“You make a beautiful couple,” someone remarked. I was too dizzy to even tell if they were male or female.
Wolfe smirked, raising his tumbler of whiskey to his lips.
Defying him purposely—and undoubtedly stupidly—I allowed my eyes to drift back to the table where I longed to sit. Emily was now grazing her French-manicured fingernails along Angelo’s blazered arm. Angelo looked down at her face, his mouth breaking into a grin. I could see how she defrosted him to the idea of them. How she lowered his guard, one touch at a time.
She leaned toward him, whispering something in his ear and giggling, and his eyes shot to me again. Were they talking about me? Was I making a complete fool of myself by staring at them so openly? I grabbed a glass of champagne, about to knock it down in one go.
Wolfe wrapped his fingers around my wrist, stilling my hand before it reached my mouth. It was a gentle, firm touch. Callous and hairy. A man’s touch.
“Sweetheart, we’ve been through this. This is real champagne. The grownup kind,” he said with a hint of exasperated sympathy in his voice, causing the entire table to roar with wild laughter.
“The trouble of marrying a youngster,” the other senator snorted out.
Wolfe raised a thick, condescending eyebrow. “Marriage is a tricky business. Which reminds me…” He leaned forward, his blank expression turning into a sympathetic frown. “How are you handling the divorce from Edna?”
Now my furious blush became almost unbearable. I wanted to kill him. Kill him for this stupid stunt, for forcing me into marrying him, and for the fact that, by proxy, he just threw Angelo into Emily’s arms.
I put the champagne glass back on the table, biting my tongue from pointing out that I’d drank plenty at the gala where we’d met, and he didn’t seem to care much then. Actually, he took advantage of my tipsiness when he tricked me into kissing him.
“May I be excused?” I cleared my throat and, without waiting for an answer, stood and charged toward the bathroom, aware of the fact that my nemesis’ eyes, as well as Angelo’s and my parents’, were all on my back, pointed like loaded guns.
The restrooms were at the end of the ballroom, Gentlemen and Ladies facing one another, under a massive wrought-iron, curved stairway. I slipped inside, sagging against the wall, closing my eyes, and taking the deepest breath my corseted bodice would allow.
Breathe.
Just breathe.
A hand clasped my shoulder. Small, warm fingers curling around my collarbone. I cracked my eyes open and yelped, jumping backward, my head hitting the tiles behind me.
“Sweet Jesus!”
It was Mama. Up close, her face looked too wary, too old, and too unfamiliar. It looked like she’d aged a decade overnight, and all the anger I’d harbored toward her in the past three days flew out the window. Her eyes were bloodshot and swollen from crying. Her normally proud, brown mane was littered with gray hair.

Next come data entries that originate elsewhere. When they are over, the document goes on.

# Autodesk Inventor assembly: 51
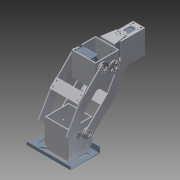
[picture p0: Inventor's stored thumbnail of the model, 180x180]
Saved by Autodesk Inventor 2013 (Build 170138000, 138)
## iProperties
Created: 2014-03-10
Part Number: 51
Document SubType Name: Assembly
Designer: andou
Author: andou
Title: Leg(right)
## Documents named in this file (14)
- C:\Users\andou\Documents\GitHub\Robotics-Project\design\RoboticsProject\project_4\Left_Leg.iam
- C:\Users\andou\Documents\GitHub\Robotics-Project\design\RoboticsProject\project_4\Serial_Case.ipt
- C:\Users\andou\Documents\GitHub\Robotics-Project\design\RoboticsProject\project_4\Generic Parts\KRS-2542HV.ipt
- C:\Users\andou\Documents\GitHub\Robotics-Project\design\RoboticsProject\project_4\Dual_Link_Flame(left).ipt
- C:\Users\andou\Documents\GitHub\Robotics-Project\design\RoboticsProject\project_4\Bracket.ipt
- C:\Users\andou\Documents\GitHub\Robotics-Project\design\RoboticsProject\project_4\Generic Parts\Low_Height_Horn.ipt
- C:\Users\andou\Documents\GitHub\Robotics-Project\design\RoboticsProject\project_4\Free-Horn.iam
- C:\Users\andou\Documents\GitHub\Robotics-Project\design\RoboticsProject\project_4\Parallel_Link_Supporter.ipt
- C:\Users\andou\Documents\GitHub\Robotics-Project\design\RoboticsProject\project_4\Horn-Spacer.ipt
- C:\Users\andou\Documents\GitHub\Robotics-Project\design\RoboticsProject\project_4\Dual_Link_Flame(right).ipt
- C:\Users\andou\Documents\GitHub\Robotics-Project\design\RoboticsProject\project_4\Parallel_Case.ipt
- C:\Users\andou\Documents\GitHub\Robotics-Project\design\RoboticsProject\project_4\Left_Parallel_Case.ipt
- C:\Users\andou\Documents\GitHub\Robotics-Project\design\RoboticsProject\project_4\Left_Sole.ipt
- C:\Users\andou\Documents\GitHub\Robotics-Project\design\RoboticsProject\project_4\Left_Sole_Spacer.ipt
## Components (25 placed, 13 different names)
1. Serial_Case:1 — 挿入:3, 挿入:4, 挿入:25
2. KRS-2542HV:1 — 挿入:3, 挿入:4, 挿入:9
3. KRS-2542HV:2 — 挿入:17, 挿入:98, 挿入:99
4. Dual_Link_Flame(left):3 — 挿入:55, 挿入:56, 挿入:65, 挿入:93, 挿入:104, 挿入:106
5. Dual_Link_Flame(left):4 — 挿入:41, 挿入:54, 挿入:58, 挿入:66, 挿入:87, 挿入:94, 挿入:95, 挿入:105
6. Bracket:1 — 挿入:60, 挿入:61, 挿入:96, 挿入:97, 挿入:109, 挿入:110
7. Low_Height_Horn:1 — 挿入:9, 挿入:60, 挿入:97
8. Low_Height_Horn:2 — 挿入:17, 挿入:68, 挿入:88, 挿入:104
9. Free-Horn:1 [sub-assembly] — 挿入:25, 挿入:61, 挿入:96
10. Free-Horn:2 [sub-assembly] — 挿入:102, 挿入:103, 挿入:108
11. Free-Horn:4 [sub-assembly] — 挿入:41, 挿入:95, 挿入:100, 挿入:105
12. Free-Horn:5 [sub-assembly] — 挿入:54, 挿入:87, 挿入:94
13. Free-Horn:7 [sub-assembly] — 挿入:55, 挿入:83, 挿入:93
14. Parallel_Link_Supporter:1 — 挿入:56, 挿入:65, 挿入:75, 挿入:76
15. Parallel_Link_Supporter:2 — 挿入:58, 挿入:66, 挿入:77, 挿入:78
16. Horn-Spacer:2 — 挿入:68, 挿入:88, 挿入:106
17. Dual_Link_Flame(right):1 — 挿入:75, 挿入:76, 挿入:81, 挿入:92, 挿入:103, 挿入:108
18. Dual_Link_Flame(right):2 — 挿入:77, 挿入:78, 挿入:82, 挿入:86, 挿入:90, 挿入:91, 挿入:107
19. Free-Horn:8 [sub-assembly] — 挿入:81, 挿入:84, 挿入:92
20. Free-Horn:9 [sub-assembly] — 挿入:82, 挿入:90, 挿入:101, 挿入:107
21. Parallel_Case:1 — 挿入:83, 挿入:84, 挿入:85, 挿入:111, 挿入:112
22. Free-Horn:10 [sub-assembly] — 挿入:85, 挿入:86, 挿入:91
23. Left_Parallel_Case:1 — 挿入:98, 挿入:99, 挿入:100, 挿入:101, 挿入:102, 挿入:109, 挿入:110
24. Left_Sole:1 — 挿入:113, 挿入:114
25. Left_Sole_Spacer:1 — 挿入:111, 挿入:112, 挿入:113, 挿入:114
## Relationships (52: Insert 52)
- 挿入:3 [Insert]: Serial_Case:1 ↔ KRS-2542HV:1
- 挿入:4 [Insert]: Serial_Case:1 ↔ KRS-2542HV:1
- 挿入:9 [Insert]: KRS-2542HV:1 ↔ Low_Height_Horn:1
- 挿入:17 [Insert]: KRS-2542HV:2 ↔ Low_Height_Horn:2
- 挿入:25 [Insert]: Serial_Case:1 ↔ Free-Horn:1
- 挿入:41 [Insert]: Dual_Link_Flame(left):4 ↔ Free-Horn:4
- 挿入:54 [Insert]: Dual_Link_Flame(left):4 ↔ Free-Horn:5
- 挿入:55 [Insert]: Dual_Link_Flame(left):3 ↔ Free-Horn:7
- 挿入:56 [Insert]: Dual_Link_Flame(left):3 ↔ Parallel_Link_Supporter:1
- 挿入:58 [Insert]: Dual_Link_Flame(left):4 ↔ Parallel_Link_Supporter:2
- 挿入:60 [Insert]: Bracket:1 ↔ Low_Height_Horn:1
- 挿入:61 [Insert]: Bracket:1 ↔ Free-Horn:1
- 挿入:65 [Insert]: Dual_Link_Flame(left):3 ↔ Parallel_Link_Supporter:1
- 挿入:66 [Insert]: Dual_Link_Flame(left):4 ↔ Parallel_Link_Supporter:2
- 挿入:68 [Insert]: Low_Height_Horn:2 ↔ Horn-Spacer:2
- 挿入:75 [Insert]: Parallel_Link_Supporter:1 ↔ Dual_Link_Flame(right):1
- 挿入:76 [Insert]: Parallel_Link_Supporter:1 ↔ Dual_Link_Flame(right):1
- 挿入:77 [Insert]: Parallel_Link_Supporter:2 ↔ Dual_Link_Flame(right):2
- 挿入:78 [Insert]: Parallel_Link_Supporter:2 ↔ Dual_Link_Flame(right):2
- 挿入:81 [Insert]: Dual_Link_Flame(right):1 ↔ Free-Horn:8
- 挿入:82 [Insert]: Dual_Link_Flame(right):2 ↔ Free-Horn:9
- 挿入:83 [Insert]: Free-Horn:7 ↔ Parallel_Case:1
- 挿入:84 [Insert]: Free-Horn:8 ↔ Parallel_Case:1
- 挿入:85 [Insert]: Parallel_Case:1 ↔ Free-Horn:10
- 挿入:86 [Insert]: Dual_Link_Flame(right):2 ↔ Free-Horn:10
- 挿入:87 [Insert]: Dual_Link_Flame(left):4 ↔ Free-Horn:5
- 挿入:88 [Insert]: Low_Height_Horn:2 ↔ Horn-Spacer:2
- 挿入:90 [Insert]: Dual_Link_Flame(right):2 ↔ Free-Horn:9
- 挿入:91 [Insert]: Dual_Link_Flame(right):2 ↔ Free-Horn:10
- 挿入:92 [Insert]: Dual_Link_Flame(right):1 ↔ Free-Horn:8
- 挿入:93 [Insert]: Dual_Link_Flame(left):3 ↔ Free-Horn:7
- 挿入:94 [Insert]: Dual_Link_Flame(left):4 ↔ Free-Horn:5
- 挿入:95 [Insert]: Dual_Link_Flame(left):4 ↔ Free-Horn:4
- 挿入:96 [Insert]: Bracket:1 ↔ Free-Horn:1
- 挿入:97 [Insert]: Bracket:1 ↔ Low_Height_Horn:1
- 挿入:98 [Insert]: KRS-2542HV:2 ↔ Left_Parallel_Case:1
- 挿入:99 [Insert]: KRS-2542HV:2 ↔ Left_Parallel_Case:1
- 挿入:100 [Insert]: Free-Horn:4 ↔ Left_Parallel_Case:1
- 挿入:101 [Insert]: Free-Horn:9 ↔ Left_Parallel_Case:1
- 挿入:102 [Insert]: Free-Horn:2 ↔ Left_Parallel_Case:1
- 挿入:103 [Insert]: Free-Horn:2 ↔ Dual_Link_Flame(right):1
- 挿入:104 [Insert]: Dual_Link_Flame(left):3 ↔ Low_Height_Horn:2
- 挿入:105 [Insert]: Dual_Link_Flame(left):4 ↔ Free-Horn:4
- 挿入:106 [Insert]: Dual_Link_Flame(left):3 ↔ Horn-Spacer:2
- 挿入:107 [Insert]: Dual_Link_Flame(right):2 ↔ Free-Horn:9
- 挿入:108 [Insert]: Free-Horn:2 ↔ Dual_Link_Flame(right):1
- 挿入:109 [Insert]: Bracket:1 ↔ Left_Parallel_Case:1
- 挿入:110 [Insert]: Bracket:1 ↔ Left_Parallel_Case:1
- 挿入:111 [Insert]: Parallel_Case:1 ↔ Left_Sole_Spacer:1
- 挿入:112 [Insert]: Parallel_Case:1 ↔ Left_Sole_Spacer:1
- 挿入:113 [Insert]: Left_Sole:1 ↔ Left_Sole_Spacer:1
- 挿入:114 [Insert]: Left_Sole:1 ↔ Left_Sole_Spacer:1

“How are you holding up, Vita Mia?”
Instead of answering, I flung myself into her arms, releasing a sob I’d been holding since Wolfe ushered me into his sleek black Escalade tonight. How could I not cut her some slack? She looked as miserable as I was.
“I hate it there. I don’t eat. I barely sleep. And to make matters worse…” I sniffed, disconnecting from her so I could hold her gaze for emphasis. “Angelo is dating Emily now.” I felt my eyes bulging out of their sockets with urgency.
“It’s only their first date,” Mama assured me, patting my back and drawing me into another hug. I shook my head in the crook of her shoulder.
“I don’t even know why it matters. I’m getting married. It’s done.”
“Sweetie…”
“Why, Mama?” I stepped out of her embrace again, dragging myself toward the imperial sinks to pluck some tissue before my makeup was completely ruined. “What possessed Papa to do something like this?”
I watched her in the reflection of the mirror behind me. The way her shoulders wilted in her slightly oversized black dress. I realized she hadn’t been eating much, either.
“Your father doesn’t share many things with me, but trust me when I tell you this was not an easy decision for him to make. We are still shaken by what happened. We just want you to give Senator Keaton an honest chance. He is handsome, rich, and has a good job. You’re not marrying beneath you.”
“I am marrying a monster,” I drawled.
“You could be happy, amore.”
I shook my head, before throwing it backward and laughing. She didn’t have to spell it out for me. Her hands were tied. I harbored many bad feelings toward my father but thinking them openly—not to mention uttering them aloud—was like pouring cyanide onto an open wound. Mama looked back and forth between the door and me, and I knew what she was thinking. We couldn’t stay here much longer. People would start asking questions. Especially when they saw that I’d been crying. Keeping up appearances was vital in The Outfit, and if people suspected Papa’s arm had been twisted by a young, ambitious senator who was new on the scene, it could kill his reputation.